OBJECTIVE
Since younger patients have low pretest probability of hypertension and are susceptible to reactive and masked hypertension, ambulatory blood pressure monitoring can be useful. To better target use in referred patients, we sought to define in-clinic systolic blood pressure measures that predicted normal ambulatory blood pressure monitoring and target end organ damage.

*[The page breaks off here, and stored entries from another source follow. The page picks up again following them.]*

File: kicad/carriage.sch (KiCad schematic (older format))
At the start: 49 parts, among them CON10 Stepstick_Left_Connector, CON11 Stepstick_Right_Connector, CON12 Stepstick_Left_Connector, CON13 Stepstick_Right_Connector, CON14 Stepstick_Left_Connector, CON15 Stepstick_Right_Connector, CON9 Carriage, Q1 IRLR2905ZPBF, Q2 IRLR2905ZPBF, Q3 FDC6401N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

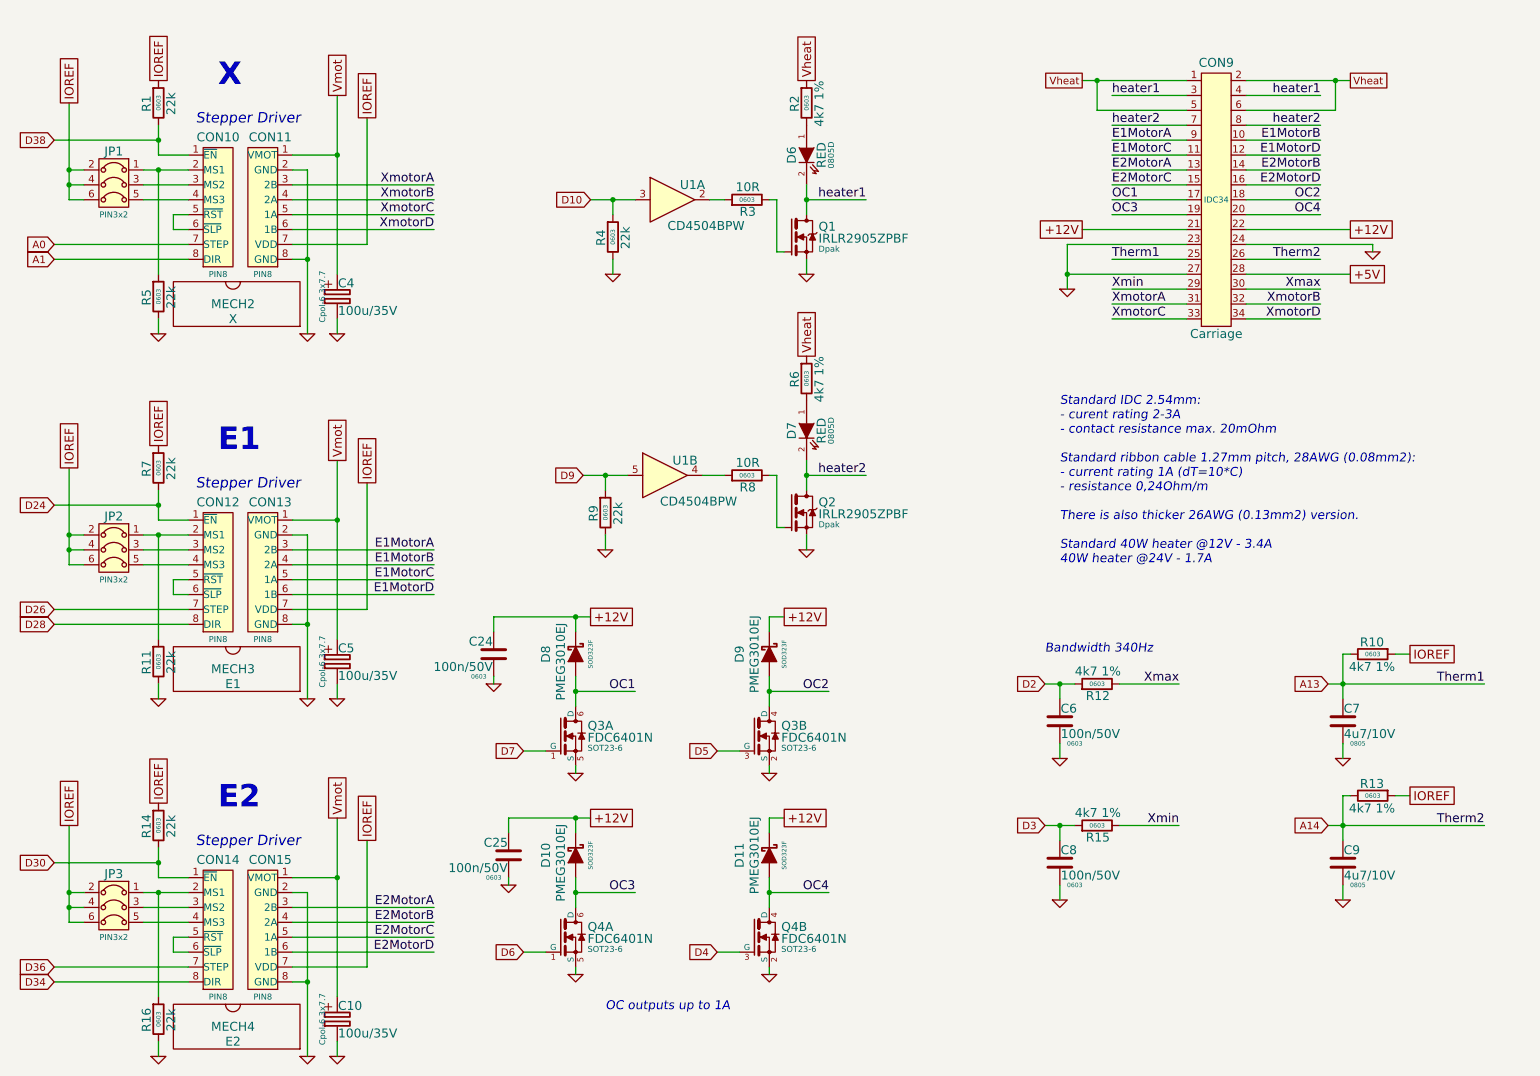
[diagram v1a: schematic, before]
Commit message: Swap pins
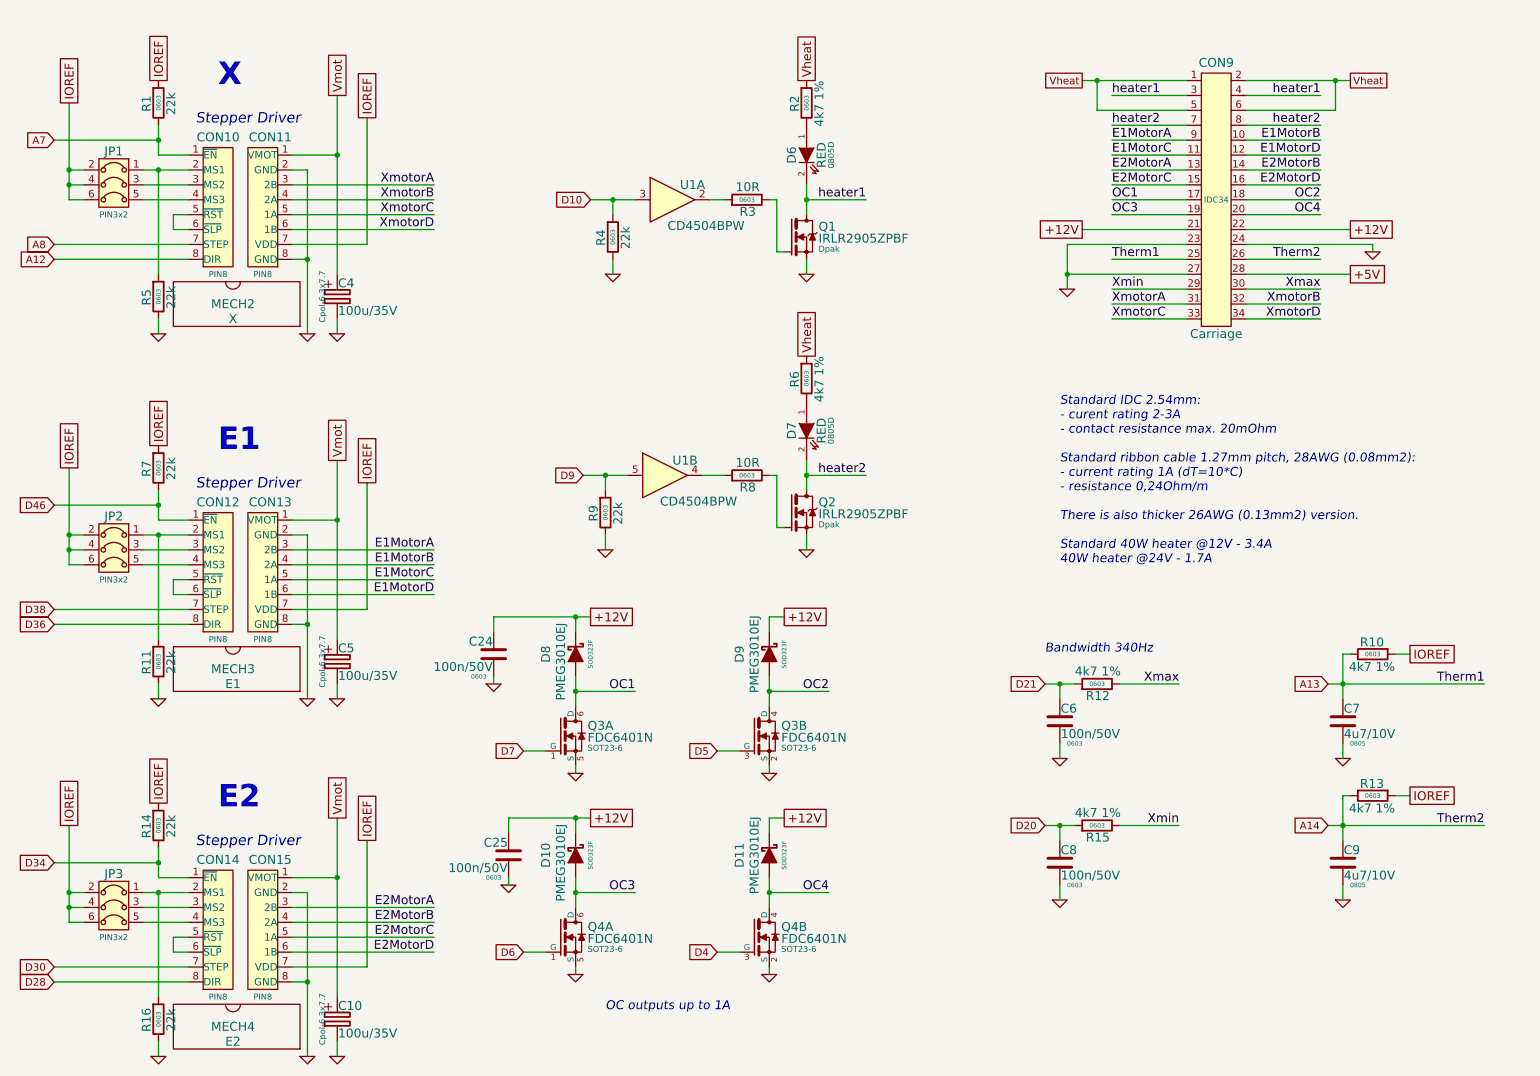
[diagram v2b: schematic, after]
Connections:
- net D26 is gone; now on net D38: CON12.7 (STEP)
- net D28: now also CON14.8 (DIR); no longer CON12.8 (DIR)
- net D30: now also CON14.7 (STEP); no longer CON14.1 (~EN), R14.2
- net D34: now also CON14.1 (~EN), R14.2; no longer CON14.8 (DIR)
- net D36: now also CON12.8 (DIR); no longer CON14.7 (STEP)
- net D38: no longer CON10.1 (~EN), R1.2
- net A0 renamed A8
- net A1 renamed A12
- net D2 renamed D21
- net D24 renamed D46
- net D3 renamed D20
- new net A7: CON10.1 (~EN), R1.2
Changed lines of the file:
@@
 $EndDescr
 Text GLabel 1000 3650 0    50   Input ~ 0
-D24
+D46
 Text GLabel 1000 4350 0    50   Input ~ 0
-D26
+D38
 Text GLabel 1000 4450 0    50   Input ~ 0
+D36
+Text GLabel 1000 1200 0    50   Input ~ 0
+A7
+Text GLabel 1000 1900 0    50   Input ~ 0
+A8
+Text GLabel 1000 2000 0    50   Input ~ 0
+A12
+Text GLabel 1000 6050 0    50   Input ~ 0
+D34
+Text GLabel 1000 6750 0    50   Input ~ 0
+D30
+Text GLabel 1000 6850 0    50   Input ~ 0
 D28
-Text GLabel 1000 1200 0    50   Input ~ 0
-D38
-Text GLabel 1000 1900 0    50   Input ~ 0
-A0
-Text GLabel 1000 2000 0    50   Input ~ 0
-A1
-Text GLabel 1000 6050 0    50   Input ~ 0
-D30
-Text GLabel 1000 6750 0    50   Input ~ 0
-D36
-Text GLabel 1000 6850 0    50   Input ~ 0
-D34
 $Comp
 L GND #PWR04
@@
 $EndComp
 Text GLabel 7650 4850 0    50   Input ~ 0
-D2
+D21
 Text GLabel 7650 5800 0    50   Input ~ 0
-D3
+D20
 $Comp
 L GND #PWR011

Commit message: Route
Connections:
- net D28: now also CON12.1 (~EN), R7.2; no longer CON14.8 (DIR)
- net D30: now also CON12.7 (STEP); no longer CON14.7 (STEP)
- net D34: now also CON12.8 (DIR); no longer CON14.1 (~EN), R14.2
- net D36: now also CON14.1 (~EN), R14.2; no longer CON12.8 (DIR)
- net D38: now also CON14.7 (STEP); no longer CON12.7 (STEP)
- net D46: now also CON14.8 (DIR); no longer CON12.1 (~EN), R7.2
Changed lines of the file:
@@
 $EndDescr
 Text GLabel 1000 3650 0    50   Input ~ 0
-D46
+D28
 Text GLabel 1000 4350 0    50   Input ~ 0
-D38
+D30
 Text GLabel 1000 4450 0    50   Input ~ 0
-D36
+D34
 Text GLabel 1000 1200 0    50   Input ~ 0
 A7
@@
 A12
 Text GLabel 1000 6050 0    50   Input ~ 0
-D34
+D36
 Text GLabel 1000 6750 0    50   Input ~ 0
-D30
+D38
 Text GLabel 1000 6850 0    50   Input ~ 0
-D28
+D46
 $Comp
 L GND #PWR04

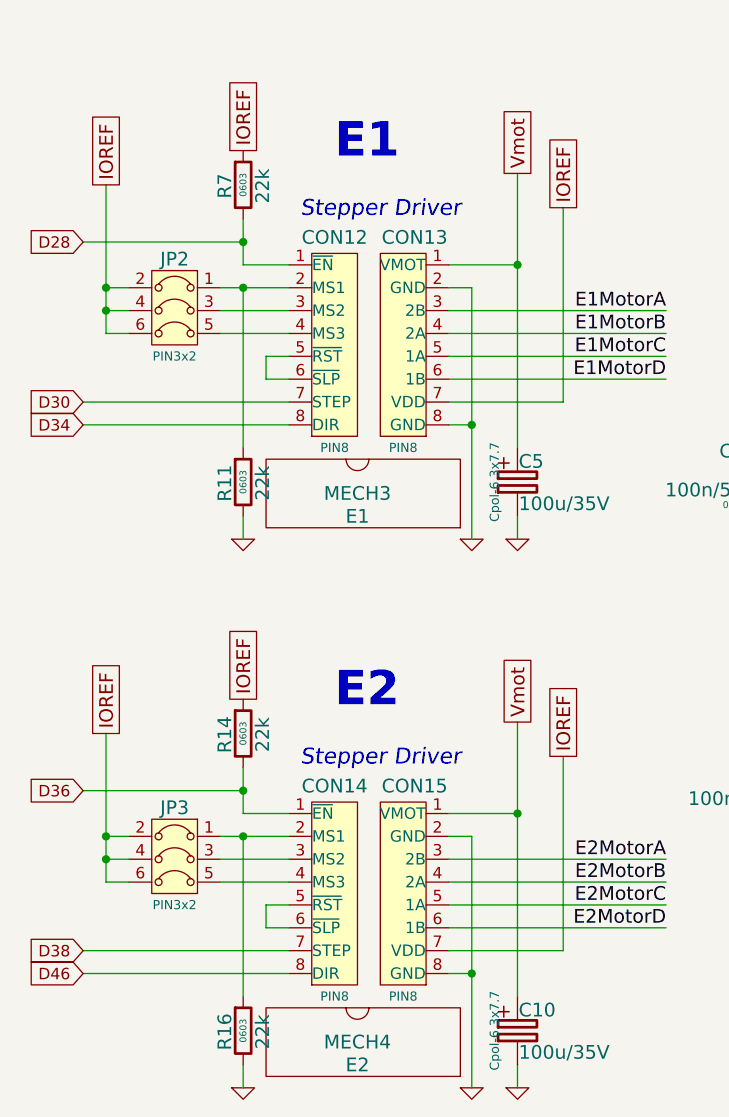
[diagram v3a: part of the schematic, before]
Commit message: Exchange stepstick connections.
Simplify layout
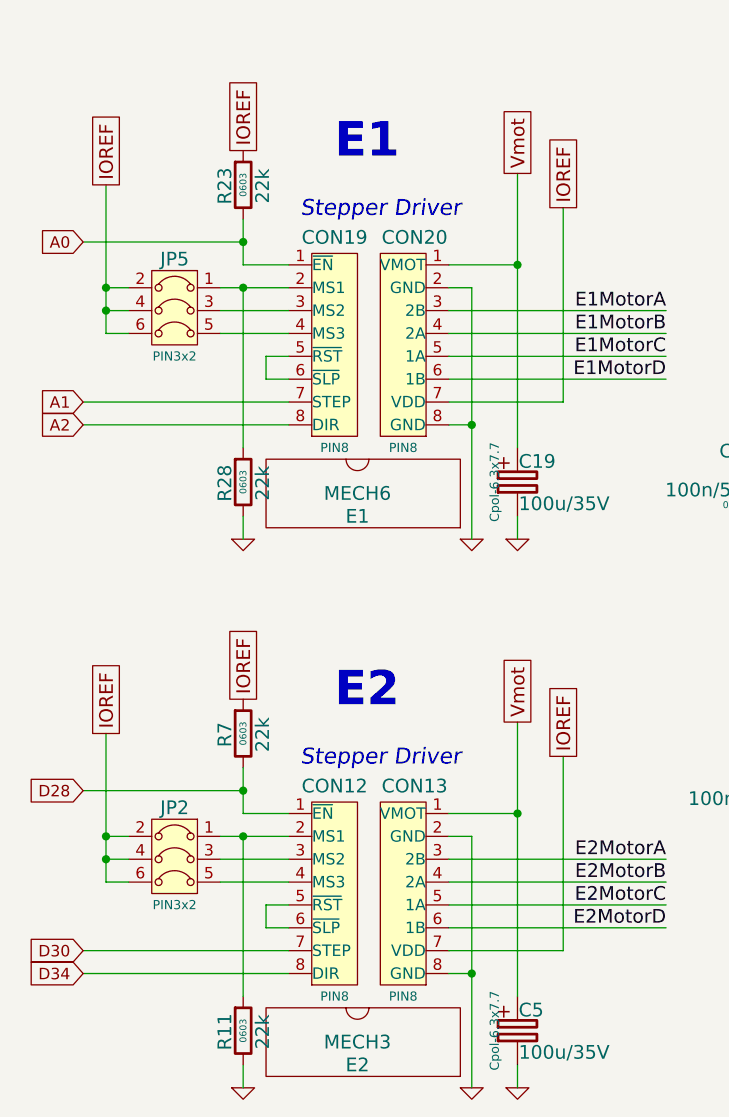
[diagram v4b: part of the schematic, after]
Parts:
- removed C10: 100u/35V, Cpol-6.3x7.7, symbol Cpol
- removed CON14: Stepstick_Left_Connector, PIN8, symbol Stepstick_Left_Connector
- removed CON15: Stepstick_Right_Connector, PIN8, symbol Stepstick_Right_Connector
- removed JP3: Jumper3, PIN3x2, symbol Jumper3
- removed MECH4: E2, symbol stepstickFootprint
- removed R14, R16: 22k, 0603, symbol R
- added C19: 100u/35V, Cpol-6.3x7.7, symbol Cpol
- added CON19: Stepstick_Left_Connector, PIN8, symbol Stepstick_Left_Connector
- added CON20: Stepstick_Right_Connector, PIN8, symbol Stepstick_Right_Connector
- added JP5: Jumper3, PIN3x2, symbol Jumper3
- added MECH6: E1, symbol stepstickFootprint
- added R23, R28: 22k, 0603, symbol R
- MECH3: value E1 -> E2
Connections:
- net E1MotorA: now also CON20.3 (2B); no longer CON13.3 (2B)
- net E1MotorB: now also CON20.4 (2A); no longer CON13.4 (2A)
- net E1MotorC: now also CON20.5 (1A); no longer CON13.5 (1A)
- net E1MotorD: now also CON20.6 (1B); no longer CON13.6 (1B)
- net E2MotorA: now also CON13.3 (2B)
- net E2MotorB: now also CON13.4 (2A)
- net E2MotorC: now also CON13.5 (1A)
- net E2MotorD: now also CON13.6 (1B)
- net GND: now also C19.2, CON20.2 (GND), CON20.8 (GND), R28.2
- net IOREF: now also CON20.7 (VDD), JP5.2, JP5.4, JP5.6, R23.1
- net Vmot: now also C19.1, CON20.1 (VMOT)
- new net: CON19.2 (MS1), JP5.1, R28.1
- new net: CON19.3 (MS2), JP5.3
- new net: CON19.4 (MS3), JP5.5
- new net: CON19.5 (~RST), CON19.6 (~SLP)
- new net A0: CON19.1 (~EN), R23.2
- new net A1: CON19.7 (STEP)
- new net A2: CON19.8 (DIR)
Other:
- moved on the sheet: C5, CON12, CON13, JP2, MECH3, R11, R7

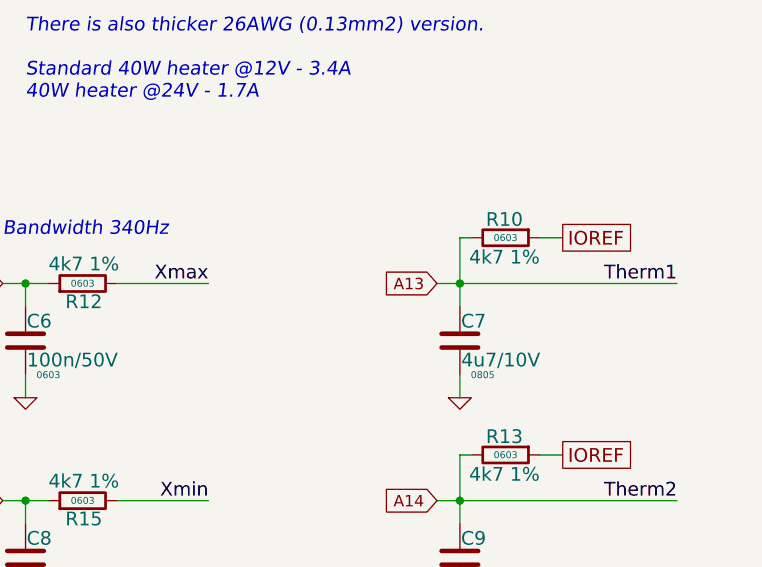
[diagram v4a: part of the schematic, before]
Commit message: Pin swap. Route.
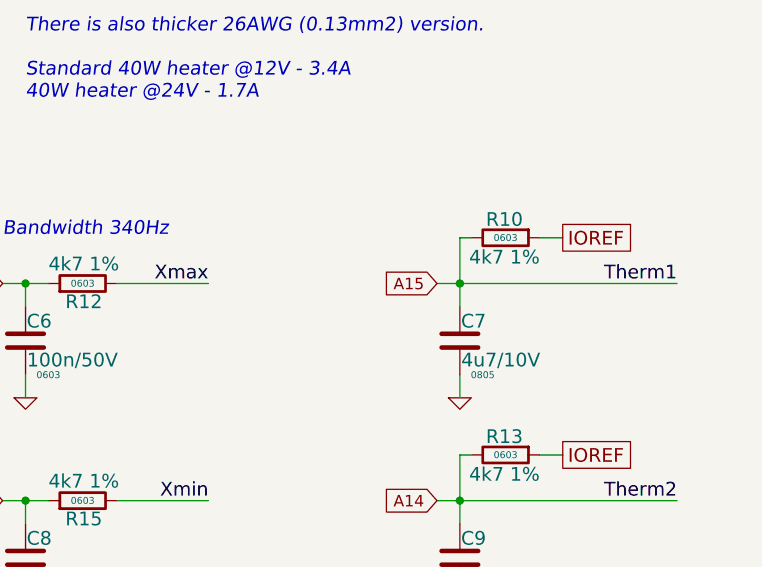
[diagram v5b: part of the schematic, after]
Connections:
- net A13 renamed A15
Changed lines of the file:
@@
 $EndComp
 Text GLabel 9550 4850 0    50   Input ~ 0
-A13
+A15
 $Comp
 L GND #PWR08

DESIGN,SETTING,PATIENTS,OUTCOME MEASURES
Data were collected on consecutive patients referred for high blood pressure undergoing an ambulatory blood pressure monitor from 2010–13 (n=248, 33.9% female, mean age 15.5 ± 3.6 years). Candidate in-clinic predictors were systolic maximum, minimum or average blood pressures obtained by auscultative, oscillometric or both. Multivariable logistic regression models were used to determine the prediction of normal ambulatory blood pressure monitoring by in-clinic blood pressure predictors. Separate models considered predicting left ventricular hypertrophy by in-clinic systolic blood pressure versus ambulatory blood pressure monitoring-defined hypertension. Identified predictor utility was tested with receiver operator characteristic curves.
RESULTS
Maximum (OR 0.97 [95%CI 0.94–0.99]; p=0.047), minimum (0.96 [0.94–0.99]; p=0.002) and average (0.97 [0.95–1.00]; p=0.04) in-clinic auscultative systolic blood pressure predicted normal ambulatory blood pressure monitoring. Each had a cstatistic of 0.58. Left ventricular hypertrophy was associated with in-clinic auscultative minimum systolic blood pressure treated continuously (1.05, [1.01 – 1.10], p=0.01) or dichotomized at the 90th percentile (8.23, [1.48 – 45.80], p=0.02), as well as ambulatory blood pressure monitoring-defined hypertension (3.31, [1.23 – 8.91], p = 0.02). Both predictors had poor sensitivity and specificity.
CONCLUSION
In youth, normal auscultative in-clinic systolic blood pressure indices weakly predicted normal ambulatory blood pressure and target end organ damage.